▸ **WORK ORDER**:
An exact copy of every record below is needed, with the pictures left out.

▸ **INFORMATION**:
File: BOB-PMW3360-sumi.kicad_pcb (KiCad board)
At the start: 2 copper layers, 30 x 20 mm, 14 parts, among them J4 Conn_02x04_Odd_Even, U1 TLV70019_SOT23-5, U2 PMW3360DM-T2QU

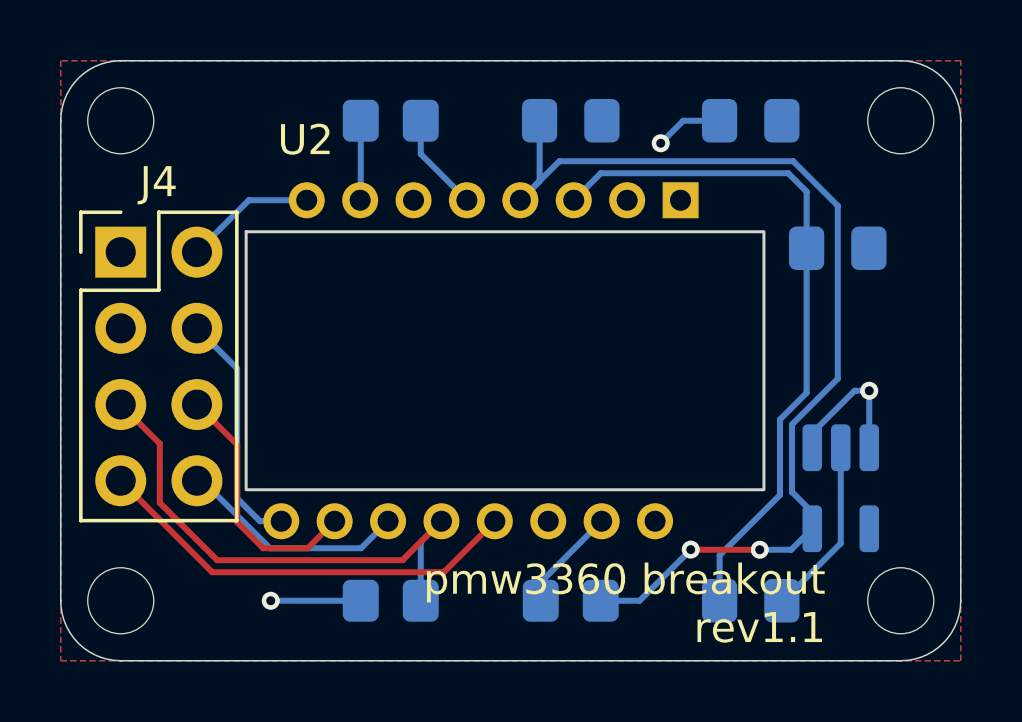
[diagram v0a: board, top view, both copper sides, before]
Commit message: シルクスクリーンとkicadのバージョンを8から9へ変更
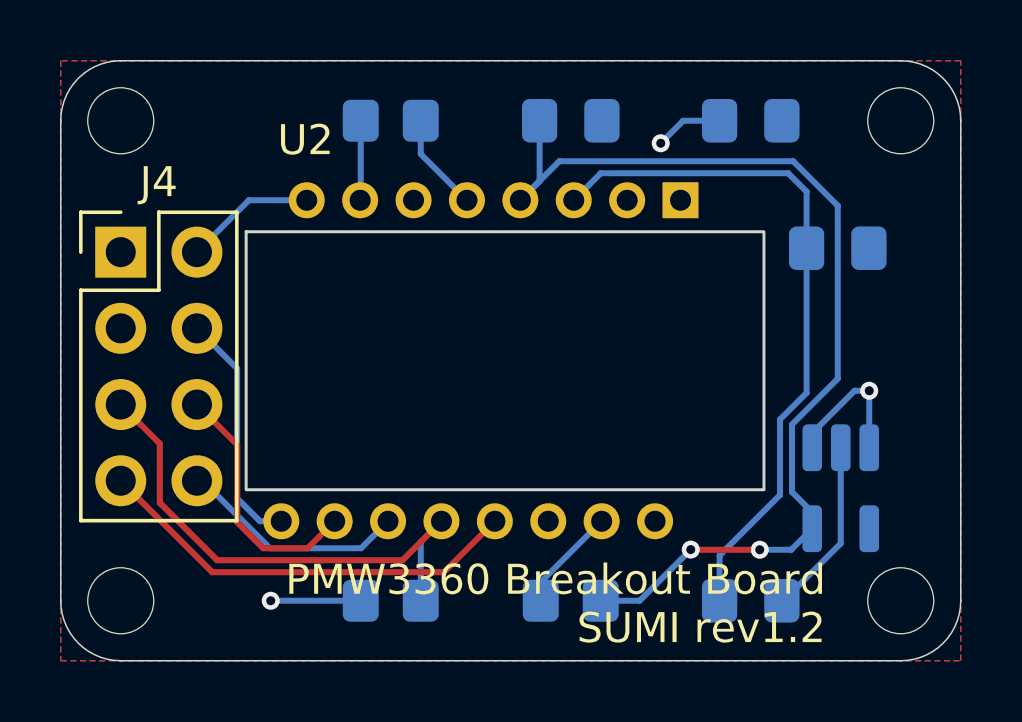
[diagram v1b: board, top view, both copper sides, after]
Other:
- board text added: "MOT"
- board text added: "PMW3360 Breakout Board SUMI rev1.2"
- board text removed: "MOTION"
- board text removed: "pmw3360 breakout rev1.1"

▸ **SOLVED PROBLEM**:
File: BOB-PMW3360-sumi.kicad_pcb (KiCad board)
At the start: 2 copper layers, 30 x 20 mm, 14 parts, among them J4 Conn_02x04_Odd_Even, U1 TLV70019_SOT23-5, U2 PMW3360DM-T2QU

[diagram v0a: board, top view, both copper sides, before]
Commit message: シルクスクリーンとkicadのバージョンを8から9へ変更
[diagram v1b: board, top view, both copper sides, after]
Other:
- board text added: "MOT"
- board text added: "PMW3360 Breakout Board SUMI rev1.2"
- board text removed: "MOTION"
- board text removed: "pmw3360 breakout rev1.1"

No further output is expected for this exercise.